Although the invention is illustrated and described herein as embodied in a sensor cell for measuring the concentration of a component in a two-component liquid mixture, a method, an apparatus and an etching system, it is nevertheless not intended to be limited to the details shown, since various modifications and structural changes may be made therein without departing from the spirit of the invention and within the scope and range of equivalents of the claims.
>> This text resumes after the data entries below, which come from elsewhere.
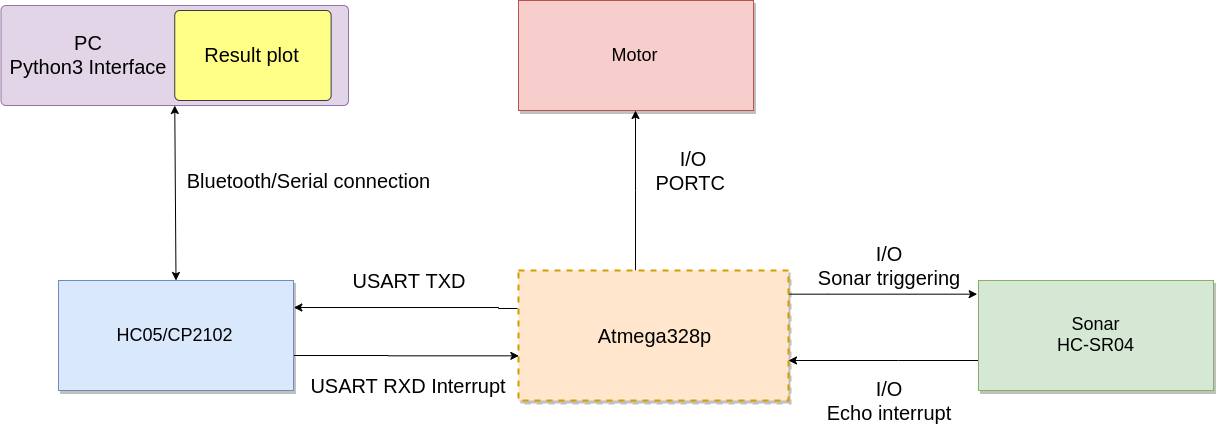

The diagram above was exported from draw.io. Its source (the exported page's mxGraphModel, read from the mxfile embedded in the PNG):
<mxGraphModel dx="1423" dy="668" grid="1" gridSize="10" guides="1" tooltips="1" connect="1" arrows="1" fold="1" page="1" pageScale="1.5" pageWidth="1169" pageHeight="827" background="#ffffff" math="0" shadow="0">
  <root>
    <mxCell id="0" style=";html=1;" />
    <mxCell id="1" style=";html=1;" parent="0" />
    <mxCell id="yBveSULL4aOJde3n8ia7-9" style="edgeStyle=orthogonalEdgeStyle;rounded=0;orthogonalLoop=1;jettySize=auto;html=1;entryX=-0.006;entryY=0.129;entryDx=0;entryDy=0;entryPerimeter=0;" parent="1" source="3a17f1ce550125da-1" target="yBveSULL4aOJde3n8ia7-6" edge="1">
      <mxGeometry relative="1" as="geometry">
        <Array as="points">
          <mxPoint x="1060" y="604" />
          <mxPoint x="1060" y="604" />
        </Array>
      </mxGeometry>
    </mxCell>
    <mxCell id="yBveSULL4aOJde3n8ia7-21" style="edgeStyle=elbowEdgeStyle;rounded=0;orthogonalLoop=1;jettySize=auto;html=1;" parent="1" source="3a17f1ce550125da-1" target="yBveSULL4aOJde3n8ia7-19" edge="1">
      <mxGeometry relative="1" as="geometry" />
    </mxCell>
    <mxCell id="yBveSULL4aOJde3n8ia7-23" style="edgeStyle=elbowEdgeStyle;rounded=0;orthogonalLoop=1;jettySize=auto;html=1;entryX=1;entryY=0.25;entryDx=0;entryDy=0;" parent="1" target="3a17f1ce550125da-4" edge="1">
      <mxGeometry relative="1" as="geometry">
        <Array as="points">
          <mxPoint x="730" y="618" />
        </Array>
        <mxPoint x="749" y="618" as="sourcePoint" />
      </mxGeometry>
    </mxCell>
    <mxCell id="3a17f1ce550125da-1" value="Atmega328p" style="whiteSpace=wrap;html=1;shadow=1;fontSize=20;fillColor=#ffe6cc;strokeColor=#d79b00;strokeWidth=2;dashed=1;gradientColor=none;" parent="1" vertex="1">
      <mxGeometry x="750" y="580" width="270" height="130" as="geometry" />
    </mxCell>
    <mxCell id="yBveSULL4aOJde3n8ia7-15" style="edgeStyle=elbowEdgeStyle;rounded=0;orthogonalLoop=1;jettySize=auto;html=1;entryX=0.001;entryY=0.651;entryDx=0;entryDy=0;entryPerimeter=0;" parent="1" source="3a17f1ce550125da-4" target="3a17f1ce550125da-1" edge="1">
      <mxGeometry relative="1" as="geometry">
        <Array as="points">
          <mxPoint x="620" y="665" />
        </Array>
      </mxGeometry>
    </mxCell>
    <mxCell id="3a17f1ce550125da-4" value="HC05/CP2102" style="whiteSpace=wrap;html=1;shadow=1;fontSize=18;fillColor=#dae8fc;strokeColor=#6c8ebf;" parent="1" vertex="1">
      <mxGeometry x="290" y="590" width="235" height="110" as="geometry" />
    </mxCell>
    <mxCell id="yBveSULL4aOJde3n8ia7-10" style="edgeStyle=elbowEdgeStyle;rounded=0;orthogonalLoop=1;jettySize=auto;html=1;elbow=vertical;" parent="1" source="yBveSULL4aOJde3n8ia7-6" edge="1">
      <mxGeometry relative="1" as="geometry">
        <mxPoint x="1020" y="670" as="targetPoint" />
        <Array as="points">
          <mxPoint x="1130" y="670" />
        </Array>
      </mxGeometry>
    </mxCell>
    <mxCell id="yBveSULL4aOJde3n8ia7-6" value="Sonar&lt;br&gt;HC-SR04" style="whiteSpace=wrap;html=1;shadow=1;fontSize=18;fillColor=#d5e8d4;strokeColor=#82b366;" parent="1" vertex="1">
      <mxGeometry x="1210" y="590" width="235" height="110" as="geometry" />
    </mxCell>
    <mxCell id="yBveSULL4aOJde3n8ia7-11" value="I/O&lt;br style=&quot;font-size: 20px;&quot;&gt;Sonar triggering" style="text;html=1;strokeColor=none;fillColor=none;align=center;verticalAlign=middle;whiteSpace=wrap;rounded=0;fontSize=20;" parent="1" vertex="1">
      <mxGeometry x="1040" y="550" width="160" height="50" as="geometry" />
    </mxCell>
    <mxCell id="yBveSULL4aOJde3n8ia7-12" value="I/O&lt;br style=&quot;font-size: 20px;&quot;&gt;Echo interrupt" style="text;html=1;strokeColor=none;fillColor=none;align=center;verticalAlign=middle;whiteSpace=wrap;rounded=0;fontSize=20;" parent="1" vertex="1">
      <mxGeometry x="1050" y="690" width="140" height="40" as="geometry" />
    </mxCell>
    <mxCell id="yBveSULL4aOJde3n8ia7-17" value="USART RXD Interrupt" style="text;html=1;strokeColor=none;fillColor=none;align=center;verticalAlign=middle;whiteSpace=wrap;rounded=0;fontSize=20;" parent="1" vertex="1">
      <mxGeometry x="530" y="670" width="220" height="50" as="geometry" />
    </mxCell>
    <mxCell id="yBveSULL4aOJde3n8ia7-18" value="USART TXD" style="text;html=1;strokeColor=none;fillColor=none;align=center;verticalAlign=middle;whiteSpace=wrap;rounded=0;fontSize=20;" parent="1" vertex="1">
      <mxGeometry x="580" y="570" width="120" height="40" as="geometry" />
    </mxCell>
    <mxCell id="yBveSULL4aOJde3n8ia7-19" value="Motor" style="whiteSpace=wrap;html=1;shadow=1;fontSize=18;fillColor=#f8cecc;strokeColor=#b85450;" parent="1" vertex="1">
      <mxGeometry x="750" y="310" width="235" height="110" as="geometry" />
    </mxCell>
    <mxCell id="yBveSULL4aOJde3n8ia7-22" value="I/O&lt;br style=&quot;font-size: 20px;&quot;&gt;PORTC&amp;nbsp;" style="text;html=1;strokeColor=none;fillColor=none;align=center;verticalAlign=middle;whiteSpace=wrap;rounded=0;strokeWidth=3;fontSize=20;" parent="1" vertex="1">
      <mxGeometry x="865" y="460" width="120" height="40" as="geometry" />
    </mxCell>
    <mxCell id="MZ87uSiMVM_iltRzGrBr-1" value="" style="endArrow=classic;startArrow=classic;html=1;exitX=0.5;exitY=0;exitDx=0;exitDy=0;entryX=0.5;entryY=1;entryDx=0;entryDy=0;" parent="1" source="3a17f1ce550125da-4" target="MZ87uSiMVM_iltRzGrBr-7" edge="1">
      <mxGeometry width="50" height="50" relative="1" as="geometry">
        <mxPoint x="380" y="350" as="sourcePoint" />
        <mxPoint x="412" y="360" as="targetPoint" />
      </mxGeometry>
    </mxCell>
    <mxCell id="MZ87uSiMVM_iltRzGrBr-2" value="Bluetooth/Serial connection" style="text;html=1;strokeColor=none;fillColor=none;align=center;verticalAlign=middle;whiteSpace=wrap;rounded=0;fontSize=20;" parent="1" vertex="1">
      <mxGeometry x="409" y="460" width="261" height="60" as="geometry" />
    </mxCell>
    <mxCell id="MZ87uSiMVM_iltRzGrBr-7" value="" style="rounded=1;absoluteArcSize=1;html=1;arcSize=10;fontSize=20;fillColor=#e1d5e7;strokeColor=#9673a6;" parent="1" vertex="1">
      <mxGeometry x="232.5" y="315" width="347.5" height="100" as="geometry" />
    </mxCell>
    <mxCell id="MZ87uSiMVM_iltRzGrBr-8" value="&lt;font style=&quot;font-size: 20px&quot;&gt;PC&lt;br&gt;Python3 Interface&lt;/font&gt;" style="html=1;shape=mxgraph.er.anchor;whiteSpace=wrap;" parent="MZ87uSiMVM_iltRzGrBr-7" vertex="1">
      <mxGeometry width="173.75" height="100" as="geometry" />
    </mxCell>
    <mxCell id="MZ87uSiMVM_iltRzGrBr-9" value="&lt;font style=&quot;font-size: 20px&quot;&gt;Result plot&lt;/font&gt;" style="rounded=1;absoluteArcSize=1;html=1;arcSize=10;whiteSpace=wrap;points=[];strokeColor=#36393d;fillColor=#ffff88;" parent="MZ87uSiMVM_iltRzGrBr-7" vertex="1">
      <mxGeometry x="173.75" y="5" width="156.37499999999997" height="90" as="geometry" />
    </mxCell>
  </root>
</mxGraphModel>

The construction and method of operation of the invention, however, together with additional objects and advantages thereof will be best understood from the following description of specific embodiments when read in connection with the accompanying drawings.

BRIEF DESCRIPTION OF THE DRAWINGS

FIG. 1 is a block diagram of a setup of an etching system according to the invention; [0025]
FIG. 2 is an illustration of the setup of a sensor cell; and [0026]
FIG. 3 is a graph illustrating temperature versus concentration (time) characteristics of a HOT PHOS system. [0027]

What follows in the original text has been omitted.